Cekura Self-Improving Agent

Turn a failure signal into a verified fix, then iterate until the validation set is clean or the iteration cap is hit. The skill is one orchestrator over a fixed sequence of focused phases; each phase lives in its own file and is loaded on demand. Everything below is provider-agnostic — the specifics live in the providers/ and phases/ files.

Core model

Every run resolves to a target described by three axes. Resolving these three (during Setup) is what lets a single loop serve every provider and fix surface.

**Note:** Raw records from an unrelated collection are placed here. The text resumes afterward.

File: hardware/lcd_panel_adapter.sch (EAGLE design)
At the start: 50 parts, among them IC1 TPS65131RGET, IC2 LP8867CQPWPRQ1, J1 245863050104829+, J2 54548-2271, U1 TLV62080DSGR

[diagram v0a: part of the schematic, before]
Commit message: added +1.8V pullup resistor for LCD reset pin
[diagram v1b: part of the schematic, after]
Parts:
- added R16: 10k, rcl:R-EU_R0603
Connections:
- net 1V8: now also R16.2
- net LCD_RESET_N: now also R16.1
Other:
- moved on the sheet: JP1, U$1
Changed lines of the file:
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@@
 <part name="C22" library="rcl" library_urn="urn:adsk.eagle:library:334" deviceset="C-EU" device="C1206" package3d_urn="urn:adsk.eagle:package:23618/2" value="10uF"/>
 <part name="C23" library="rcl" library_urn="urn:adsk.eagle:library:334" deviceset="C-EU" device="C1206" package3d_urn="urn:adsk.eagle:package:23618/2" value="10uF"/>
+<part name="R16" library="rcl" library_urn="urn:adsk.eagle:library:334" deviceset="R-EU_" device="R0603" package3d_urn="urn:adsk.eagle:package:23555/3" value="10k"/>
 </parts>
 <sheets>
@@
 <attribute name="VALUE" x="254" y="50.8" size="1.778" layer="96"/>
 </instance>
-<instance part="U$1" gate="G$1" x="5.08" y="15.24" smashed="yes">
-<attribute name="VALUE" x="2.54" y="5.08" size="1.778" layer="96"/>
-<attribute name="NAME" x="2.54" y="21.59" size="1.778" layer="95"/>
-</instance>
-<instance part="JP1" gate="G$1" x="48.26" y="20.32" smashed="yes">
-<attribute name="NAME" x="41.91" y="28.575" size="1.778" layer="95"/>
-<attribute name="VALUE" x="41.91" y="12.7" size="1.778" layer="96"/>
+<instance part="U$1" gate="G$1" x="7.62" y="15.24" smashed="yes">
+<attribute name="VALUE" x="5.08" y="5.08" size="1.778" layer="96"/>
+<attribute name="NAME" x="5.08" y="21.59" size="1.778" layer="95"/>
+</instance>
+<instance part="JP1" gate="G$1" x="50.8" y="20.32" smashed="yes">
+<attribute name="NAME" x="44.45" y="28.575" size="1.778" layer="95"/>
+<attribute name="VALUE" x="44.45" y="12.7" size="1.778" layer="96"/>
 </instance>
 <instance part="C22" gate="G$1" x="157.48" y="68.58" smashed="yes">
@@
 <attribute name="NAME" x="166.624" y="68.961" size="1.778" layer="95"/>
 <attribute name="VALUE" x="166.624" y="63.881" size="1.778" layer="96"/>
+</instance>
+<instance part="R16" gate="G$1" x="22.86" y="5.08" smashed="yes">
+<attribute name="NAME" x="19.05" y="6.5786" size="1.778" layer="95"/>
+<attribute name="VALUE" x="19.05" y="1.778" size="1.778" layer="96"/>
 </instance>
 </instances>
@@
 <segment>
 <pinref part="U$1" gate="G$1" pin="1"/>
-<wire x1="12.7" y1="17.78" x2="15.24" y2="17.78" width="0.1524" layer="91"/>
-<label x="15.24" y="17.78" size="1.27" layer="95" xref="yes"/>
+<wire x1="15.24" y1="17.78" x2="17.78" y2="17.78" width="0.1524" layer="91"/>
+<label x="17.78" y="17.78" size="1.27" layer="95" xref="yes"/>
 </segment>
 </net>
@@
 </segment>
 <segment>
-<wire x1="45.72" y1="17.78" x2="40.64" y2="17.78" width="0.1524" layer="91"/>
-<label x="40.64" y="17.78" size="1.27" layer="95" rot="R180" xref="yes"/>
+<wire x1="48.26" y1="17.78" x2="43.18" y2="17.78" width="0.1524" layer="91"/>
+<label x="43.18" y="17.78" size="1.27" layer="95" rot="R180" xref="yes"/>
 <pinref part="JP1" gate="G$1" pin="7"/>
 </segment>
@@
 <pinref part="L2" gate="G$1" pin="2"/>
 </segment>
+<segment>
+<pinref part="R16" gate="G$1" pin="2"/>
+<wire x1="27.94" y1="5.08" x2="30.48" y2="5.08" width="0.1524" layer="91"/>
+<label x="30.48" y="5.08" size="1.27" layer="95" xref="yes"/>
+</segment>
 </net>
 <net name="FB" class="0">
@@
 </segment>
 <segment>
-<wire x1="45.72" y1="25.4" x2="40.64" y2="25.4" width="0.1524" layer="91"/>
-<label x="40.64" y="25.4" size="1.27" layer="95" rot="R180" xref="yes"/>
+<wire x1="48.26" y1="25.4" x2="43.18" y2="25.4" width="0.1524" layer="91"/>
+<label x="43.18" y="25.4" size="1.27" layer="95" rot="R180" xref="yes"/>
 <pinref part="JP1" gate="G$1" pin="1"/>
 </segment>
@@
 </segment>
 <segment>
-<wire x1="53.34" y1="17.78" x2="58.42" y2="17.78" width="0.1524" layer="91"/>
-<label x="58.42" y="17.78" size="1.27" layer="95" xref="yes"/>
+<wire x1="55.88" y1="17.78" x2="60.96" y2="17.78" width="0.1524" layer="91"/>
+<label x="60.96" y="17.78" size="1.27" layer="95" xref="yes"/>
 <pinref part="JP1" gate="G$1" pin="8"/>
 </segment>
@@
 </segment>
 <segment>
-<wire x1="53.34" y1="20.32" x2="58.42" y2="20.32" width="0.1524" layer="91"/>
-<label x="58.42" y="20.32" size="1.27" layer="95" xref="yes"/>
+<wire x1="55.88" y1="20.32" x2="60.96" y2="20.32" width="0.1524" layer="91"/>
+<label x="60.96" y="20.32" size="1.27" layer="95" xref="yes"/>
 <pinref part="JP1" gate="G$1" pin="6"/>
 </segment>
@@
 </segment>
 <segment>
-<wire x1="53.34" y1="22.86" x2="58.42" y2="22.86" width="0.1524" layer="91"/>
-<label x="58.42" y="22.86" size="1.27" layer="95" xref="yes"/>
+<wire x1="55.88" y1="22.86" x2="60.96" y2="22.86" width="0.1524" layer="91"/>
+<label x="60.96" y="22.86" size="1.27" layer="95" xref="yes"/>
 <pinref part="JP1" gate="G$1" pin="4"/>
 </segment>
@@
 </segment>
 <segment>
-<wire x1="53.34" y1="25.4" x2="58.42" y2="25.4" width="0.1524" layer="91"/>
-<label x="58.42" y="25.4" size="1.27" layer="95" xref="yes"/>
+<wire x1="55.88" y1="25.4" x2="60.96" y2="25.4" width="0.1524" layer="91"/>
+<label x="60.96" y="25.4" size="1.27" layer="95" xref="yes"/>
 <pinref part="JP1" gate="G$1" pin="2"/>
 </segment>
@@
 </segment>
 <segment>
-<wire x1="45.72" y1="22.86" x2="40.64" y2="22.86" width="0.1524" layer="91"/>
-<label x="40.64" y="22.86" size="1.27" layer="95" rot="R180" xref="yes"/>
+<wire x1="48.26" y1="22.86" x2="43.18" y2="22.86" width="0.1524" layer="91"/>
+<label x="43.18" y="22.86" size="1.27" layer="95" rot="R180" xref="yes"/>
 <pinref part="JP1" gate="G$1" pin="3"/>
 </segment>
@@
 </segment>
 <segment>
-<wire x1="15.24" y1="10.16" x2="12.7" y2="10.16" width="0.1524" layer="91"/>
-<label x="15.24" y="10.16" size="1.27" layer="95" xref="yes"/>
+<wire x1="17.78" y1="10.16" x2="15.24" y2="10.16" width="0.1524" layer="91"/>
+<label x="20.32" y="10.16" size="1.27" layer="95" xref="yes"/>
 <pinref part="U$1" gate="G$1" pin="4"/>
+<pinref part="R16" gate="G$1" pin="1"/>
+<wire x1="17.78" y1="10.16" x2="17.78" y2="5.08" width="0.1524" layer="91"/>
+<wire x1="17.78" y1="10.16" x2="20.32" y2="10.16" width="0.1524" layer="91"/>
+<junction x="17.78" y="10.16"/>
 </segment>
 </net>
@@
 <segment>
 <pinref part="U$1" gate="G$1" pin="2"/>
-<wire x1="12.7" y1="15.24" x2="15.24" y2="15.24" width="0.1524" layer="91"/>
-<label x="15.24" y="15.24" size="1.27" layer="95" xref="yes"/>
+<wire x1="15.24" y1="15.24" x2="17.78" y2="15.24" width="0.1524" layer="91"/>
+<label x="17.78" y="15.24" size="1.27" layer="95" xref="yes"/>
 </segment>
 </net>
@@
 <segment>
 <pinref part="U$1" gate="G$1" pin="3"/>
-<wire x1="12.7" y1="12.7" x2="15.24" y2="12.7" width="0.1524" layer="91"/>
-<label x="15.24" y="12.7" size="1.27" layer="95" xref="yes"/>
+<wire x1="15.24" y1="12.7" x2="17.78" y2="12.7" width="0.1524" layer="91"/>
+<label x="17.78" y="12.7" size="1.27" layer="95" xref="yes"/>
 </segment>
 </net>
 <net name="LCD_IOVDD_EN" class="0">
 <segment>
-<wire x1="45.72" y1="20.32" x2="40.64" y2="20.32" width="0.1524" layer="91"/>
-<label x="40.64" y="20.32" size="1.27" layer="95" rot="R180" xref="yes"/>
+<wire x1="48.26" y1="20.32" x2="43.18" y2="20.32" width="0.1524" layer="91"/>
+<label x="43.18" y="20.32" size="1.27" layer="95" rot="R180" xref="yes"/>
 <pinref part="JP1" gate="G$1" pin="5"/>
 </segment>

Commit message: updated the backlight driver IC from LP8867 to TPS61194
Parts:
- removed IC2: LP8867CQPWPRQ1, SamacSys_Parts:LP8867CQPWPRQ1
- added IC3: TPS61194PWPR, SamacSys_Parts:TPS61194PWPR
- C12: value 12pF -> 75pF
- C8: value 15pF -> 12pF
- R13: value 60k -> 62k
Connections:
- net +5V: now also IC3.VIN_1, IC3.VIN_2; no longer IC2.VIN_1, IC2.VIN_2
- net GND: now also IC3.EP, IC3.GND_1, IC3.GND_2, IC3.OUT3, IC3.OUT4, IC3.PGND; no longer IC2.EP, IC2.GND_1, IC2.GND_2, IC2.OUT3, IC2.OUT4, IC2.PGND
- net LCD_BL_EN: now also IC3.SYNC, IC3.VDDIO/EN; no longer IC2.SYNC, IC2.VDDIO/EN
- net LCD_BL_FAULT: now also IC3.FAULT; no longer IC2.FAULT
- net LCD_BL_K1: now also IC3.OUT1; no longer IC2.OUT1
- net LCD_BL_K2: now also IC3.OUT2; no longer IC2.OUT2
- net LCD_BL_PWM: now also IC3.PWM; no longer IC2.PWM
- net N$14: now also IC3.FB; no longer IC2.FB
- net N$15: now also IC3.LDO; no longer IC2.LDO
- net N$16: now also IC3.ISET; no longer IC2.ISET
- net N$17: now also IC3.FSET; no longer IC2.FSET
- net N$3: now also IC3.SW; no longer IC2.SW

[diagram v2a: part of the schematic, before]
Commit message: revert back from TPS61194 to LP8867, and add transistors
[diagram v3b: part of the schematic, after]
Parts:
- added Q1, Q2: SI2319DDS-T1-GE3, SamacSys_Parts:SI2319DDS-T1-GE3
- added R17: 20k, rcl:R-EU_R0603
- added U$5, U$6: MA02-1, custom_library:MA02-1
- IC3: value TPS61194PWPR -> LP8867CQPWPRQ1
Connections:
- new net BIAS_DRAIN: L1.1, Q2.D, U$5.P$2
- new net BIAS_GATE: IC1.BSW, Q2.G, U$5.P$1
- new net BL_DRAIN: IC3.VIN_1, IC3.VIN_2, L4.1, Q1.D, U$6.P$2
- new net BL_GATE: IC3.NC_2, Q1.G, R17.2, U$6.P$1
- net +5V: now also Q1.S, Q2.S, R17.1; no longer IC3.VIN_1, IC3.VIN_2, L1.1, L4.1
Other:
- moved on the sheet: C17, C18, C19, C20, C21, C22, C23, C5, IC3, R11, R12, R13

  • Editable surface — what the fix touches: the system prompt, the tool / function config, and (self-hosted only) owned source code — orchestration plus any vendored/forked SDK that lives inside the source tree the run-setup edits. Always out of scope: business logic, auth / secrets, dependencies, LLM-client config.
  • Apply path — how an edit goes live: a provider API PATCH (VAPI / ElevenLabs — live immediately), an Edit plus a redeploy_command (self-hosted live target — including owned source-code edits, which are re-validated on Cekura and then shipped as a PR), live-on-save ("noop"), or render-only (print the rewrite for the user to apply).
  • Validation — how a fix is proven: always Cekura scenarios run in simulation over the agent's transport — never a code/unit test. Infra and code bugs are forced to reproduce in-sim (Reproduce REPRO.3e). Gates stochastically (≥ M of N runs) because real behavior — LLM and real-transport infra alike — is intermittent.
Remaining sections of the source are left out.